Daily Thought For June 29, 2017
The Strength Of The Martyrs
Today we reflect on Christian hope as strength of the martyrs. When, in the Gospel, Jesus sends His disciples on mission, He does not deceive them with mirages of easy success; on the contrary, He warns them clearly that the proclamation of the Kingdom of God entails always opposition. And he even uses an extreme expression: “You will be hated — hated — by all for my name’s sake” (Matthew 10:22). Christians love, but they are not always loved. Jesus puts Himself immediately before this reality: in a more or less strong measure, the confession of faith happens in an atmosphere of hostility.

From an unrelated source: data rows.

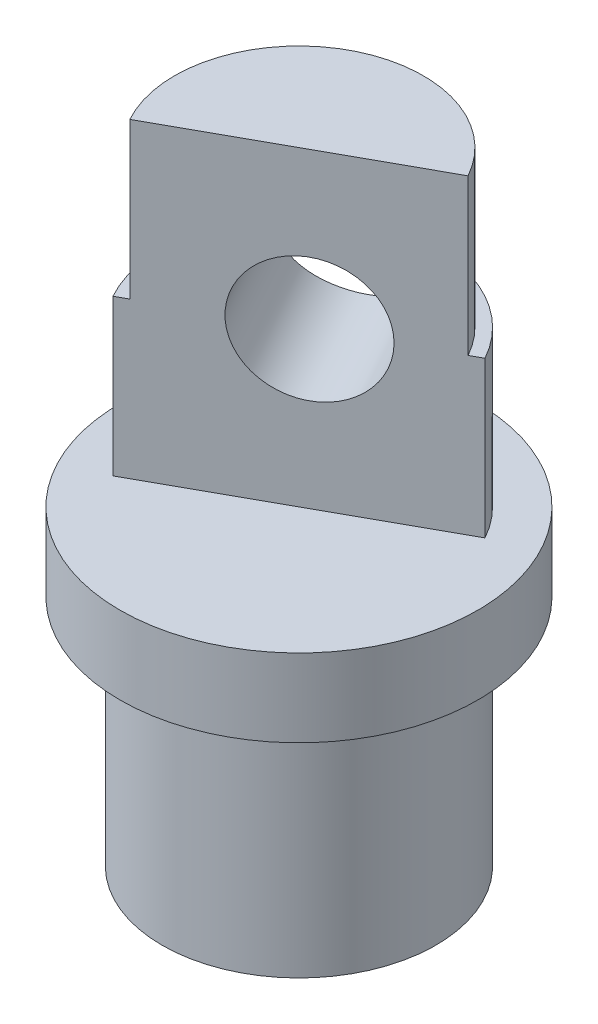
ISO-10303-21;
HEADER;
FILE_DESCRIPTION(('STEP AP214'),'2;1');
FILE_NAME('part.step','',(''),(''),'','','');
FILE_SCHEMA(('AUTOMOTIVE_DESIGN { 1 0 10303 214 1 1 1 1 }'));
ENDSEC;
DATA;
#1=APPLICATION_CONTEXT('core data for automotive mechanical design processes');
#2=APPLICATION_PROTOCOL_DEFINITION('international standard','automotive_design',2000,#1);
#3=PRODUCT_CONTEXT('',#1,'mechanical');
#4=PRODUCT('Part','Part','',(#3));
#5=PRODUCT_RELATED_PRODUCT_CATEGORY('part','',(#4));
#6=PRODUCT_DEFINITION_FORMATION('','',#4);
#7=PRODUCT_DEFINITION_CONTEXT('part definition',#1,'design');
#8=PRODUCT_DEFINITION('design','',#6,#7);
#9=PRODUCT_DEFINITION_SHAPE('','',#8);
#10=(LENGTH_UNIT() NAMED_UNIT(*) SI_UNIT(.MILLI.,.METRE.));
#11=(NAMED_UNIT(*) PLANE_ANGLE_UNIT() SI_UNIT($,.RADIAN.));
#12=(NAMED_UNIT(*) SI_UNIT($,.STERADIAN.) SOLID_ANGLE_UNIT());
#13=UNCERTAINTY_MEASURE_WITH_UNIT(LENGTH_MEASURE(1.E-05),#10,'distance_accuracy_value','');
#14=(GEOMETRIC_REPRESENTATION_CONTEXT(3) GLOBAL_UNCERTAINTY_ASSIGNED_CONTEXT((#13)) GLOBAL_UNIT_ASSIGNED_CONTEXT((#10,
#11,#12)) REPRESENTATION_CONTEXT('',''));
#15=CARTESIAN_POINT('',(0.,0.,0.));
#16=DIRECTION('',(0.,0.,1.));
#17=DIRECTION('',(1.,0.,0.));
#18=AXIS2_PLACEMENT_3D('',#15,#16,#17);
#19=CARTESIAN_POINT('',(0.,10.,0.));
#20=DIRECTION('',(0.,1.,0.));
#21=DIRECTION('',(0.,0.,1.));
#22=AXIS2_PLACEMENT_3D('',#19,#20,#21);
#23=PLANE('',#22);
#24=DIRECTION('',(0.482982259159725,0.,0.875630137293691));
#25=VECTOR('',#24,1.);
#26=CARTESIAN_POINT('',(-12.7243506637224,10.,-15.8221648388148));
#27=LINE('',#26,#25);
#28=CARTESIAN_POINT('',(-6.96431991364859,10.,-5.37942823545009));
#29=VERTEX_POINT('',#28);
#30=CARTESIAN_POINT('',(-6.53915779604642,10.,-4.60862401573455));
#31=VERTEX_POINT('',#30);
#32=EDGE_CURVE('E57',#29,#31,#27,.T.);
#33=ORIENTED_EDGE('',*,*,#32,.F.);
#34=CARTESIAN_POINT('',(0.,10.,0.));
#35=DIRECTION('',(0.,1.,0.));
#36=DIRECTION('',(0.,0.,1.));
#37=AXIS2_PLACEMENT_3D('',#34,#35,#36);
#38=CIRCLE('',#37,8.8);
#39=CARTESIAN_POINT('',(-7.70554520818448,10.,4.25024388060558));
#40=VERTEX_POINT('',#39);
#41=EDGE_CURVE('E64',#29,#40,#38,.T.);
#42=ORIENTED_EDGE('',*,*,#41,.T.);
#43=DIRECTION('',(-0.875630137293691,0.,0.482982259159725));
#44=VECTOR('',#43,1.);
#45=CARTESIAN_POINT('',(0.,10.,0.));
#46=LINE('',#45,#44);
#47=CARTESIAN_POINT('',(-7.00504109834953,10.,3.8638580732778));
#48=VERTEX_POINT('',#47);
#49=EDGE_CURVE('E129',#48,#40,#46,.T.);
#50=ORIENTED_EDGE('',*,*,#49,.F.);
#51=CARTESIAN_POINT('',(0.,10.,0.));
#52=DIRECTION('',(0.,1.,0.));
#53=DIRECTION('',(0.,0.,1.));
#54=AXIS2_PLACEMENT_3D('',#51,#52,#53);
#55=CIRCLE('',#54,8.);
#56=EDGE_CURVE('E120',#31,#48,#55,.T.);
#57=ORIENTED_EDGE('',*,*,#56,.F.);
#58=EDGE_LOOP('',(#33,#42,#50,#57));
#59=FACE_BOUND('',#58,.T.);
#60=ADVANCED_FACE('F35',(#59),#23,.T.);
#61=CARTESIAN_POINT('',(0.,10.,0.));
#62=DIRECTION('',(0.,-1.,0.));
#63=DIRECTION('',(0.,0.,-1.));
#64=AXIS2_PLACEMENT_3D('',#61,#62,#63);
#65=CYLINDRICAL_SURFACE('',#64,8.8);
#66=ORIENTED_EDGE('',*,*,#41,.F.);
#67=CARTESIAN_POINT('',(-6.96431991364859,10.,-5.37942823545009));
#68=CARTESIAN_POINT('',(-6.96432220289091,9.89210141958878,-5.37939929286805));
#69=CARTESIAN_POINT('',(-6.96141125486834,9.78421542854017,-5.38319325296465));
#70=CARTESIAN_POINT('',(-6.94978516830629,9.56931793282347,-5.39820804820861));
#71=CARTESIAN_POINT('',(-6.94107234337719,9.46230609678091,-5.40942592291577));
#72=CARTESIAN_POINT('',(-6.91791095127872,9.2503416928685,-5.43901093228729));
#73=CARTESIAN_POINT('',(-6.90348535642285,9.14538262296445,-5.45734942766403));
#74=CARTESIAN_POINT('',(-6.86894338621582,8.93784460777494,-5.5007620219522));
#75=CARTESIAN_POINT('',(-6.84882663585899,8.83526581981483,-5.52583656471456));
#76=CARTESIAN_POINT('',(-6.7800407087772,8.53236546186448,-5.61038103347538));
#77=CARTESIAN_POINT('',(-6.72288864384484,8.33644438682403,-5.67923550682383));
#78=CARTESIAN_POINT('',(-6.58627574413191,7.96118347706894,-5.83710693250562));
#79=CARTESIAN_POINT('',(-6.50679249003665,7.78186054777457,-5.92614412976562));
#80=CARTESIAN_POINT('',(-6.32100121200402,7.43465333851041,-6.12407382821569));
#81=CARTESIAN_POINT('',(-6.21351319905917,7.26784879592225,-6.23375806215649));
#82=CARTESIAN_POINT('',(-5.97442216281694,6.96051039071593,-6.46325857982505));
#83=CARTESIAN_POINT('',(-5.84281582483202,6.81998014445962,-6.58307625501586));
#84=CARTESIAN_POINT('',(-5.55231354350498,6.56538901360295,-6.83001630074398));
#85=CARTESIAN_POINT('',(-5.39274914151732,6.45219247878584,-6.95724947391196));
#86=CARTESIAN_POINT('',(-5.05148638067405,6.26165097800602,-7.20883483079804));
#87=CARTESIAN_POINT('',(-4.86980092234881,6.18428524155603,-7.33318864381032));
#88=CARTESIAN_POINT('',(-4.50083011390963,6.07225016941568,-7.56484741382379));
#89=CARTESIAN_POINT('',(-4.3146420036924,6.03517122900056,-7.67273393060156));
#90=CARTESIAN_POINT('',(-3.93192656901403,5.99651515684422,-7.87570994053218));
#91=CARTESIAN_POINT('',(-3.73540245203132,5.99492707594749,-7.97080337143408));
#92=CARTESIAN_POINT('',(-3.34904295499333,6.02597729779011,-8.14039652838706));
#93=CARTESIAN_POINT('',(-3.1594198666421,6.05677102499544,-8.2157313195642));
#94=CARTESIAN_POINT('',(-2.78194420993391,6.14814011708001,-8.35110884136956));
#95=CARTESIAN_POINT('',(-2.59409186880132,6.2087192524324,-8.41114963450109));
#96=CARTESIAN_POINT('',(-2.21847748853823,6.3600162079023,-8.51809213903458));
#97=CARTESIAN_POINT('',(-2.03096934497434,6.45175400409948,-8.56443386167103));
#98=CARTESIAN_POINT('',(-1.66818937084018,6.66182764931983,-8.64243176957126));
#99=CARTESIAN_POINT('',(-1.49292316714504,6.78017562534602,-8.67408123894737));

Christians, therefore, are “counter current” men and women. It is normal, because the world is marked by sin, which manifests itself in various forms of egoism and injustice. One who follows Christ walks in the opposite direction. Not out of a controversial spirit, but out of fidelity to the logic of the Kingdom of God, which is the logic of hope, and is translated in a style of life based on Jesus’ indications.
The first indication is poverty. When Jesus sends His own on mission, it seems He puts more care in “stripping” them than in “clothing” them! In fact, a Christian who is not humble and poor, detached from riches and power and above all detached from himself, is not like Jesus. A Christian goes on his way in this world with the essential for the way, but with his heart full of love. The true defeat for him or for her is to fall into the temptation of a vendetta or of violence, responding to evil with evil. Jesus says to us: “I send you out as sheep in the midst of wolves” (Matthew 10:16) – hence, without claws, without weapons. Rather, a Christian must be prudent, sometimes even sly: these are virtues accepted by the evangelical logic, but violence never. Evil methods cannot be shared [used] to defeat evil.
The Gospel is the sole strength of a Christian. In times of difficulty, we must believe that Jesus is before us, and does not cease to accompany His disciples. Persecution is not a contradiction of the Gospel, but part of it: if they persecuted our Master, how can we hope that we will be spared the fight? However, in the midst of the whirlwind a Christina must not lose hope, thinking that he has been abandoned. Jesus reassures His own saying: “even the hairs of your head are all numbered” (Matthew 10:30). As if to say that none of man’s sufferings, not even the most minute and hidden, are invisible to God’s eyes. God sees, and He certainly protects, and He will offer His rescue. There is in fact in our midst Someone who is stronger than evil, stronger than the mafias, than dark conspiracies, than one who profits on the skin of the desperate, than one who crushes others with arrogance . . . Someone who always listens to the voice of Abel’s blood, which cries from the earth.
Therefore, Christians must always be found on the “other side” of the world, that chosen by God: not persecutors but persecuted; not arrogant but meek; not vendors of smoke but submitted to truth; not impostors but honest.
This fidelity to Jesus’ style – style of hope – to death, would be called by the first Christians with a most beautiful name: martyrdom,: which means “witness.” There were many other possibilities offered by the vocabulary: it could be called heroism, abnegation, self-sacrifice. And instead, the Christians of the first hour called it with a name that has the perfume of discipleship. Martyrs do not live for themselves, they do not fight to affirm their own ideas, and they accept having to die only out of fidelity to the Gospel. Martyrdom is not even the supreme ideal of the Christian life because above it is charity, namely love of God and of neighbor. The Apostle Paul says it very well in the hymn of charity, understood as love of God and love of neighbor. The Apostle Paul says it very well in the hymn of charity: “If I give away all I have, and if I deliver my body to be burned, but have not love, I gain nothing” (1 Corinthians 13:3). Repugnant to Christians is the idea that suicide attackers can be called “martyrs”: there is nothing in their end that comes close to the attitude of children of God.
Sometimes, reading the histories of the many martyrs of yesterday and of today – that are more numerous than the martyrs of the early times –, we remain astonished in face of the fortitude with which they faced their trial. This fortitude is sign of the great hope that animated them: the certain hope that nothing and no one could separate them from the love of God given to us in Jesus Christ (Cf. Romans 8:38-39).
May God give us always the strength to be His witnesses. May He give us the strength to live Christian hope especially in the hidden martyrdom of doing well and with love our duties of every day.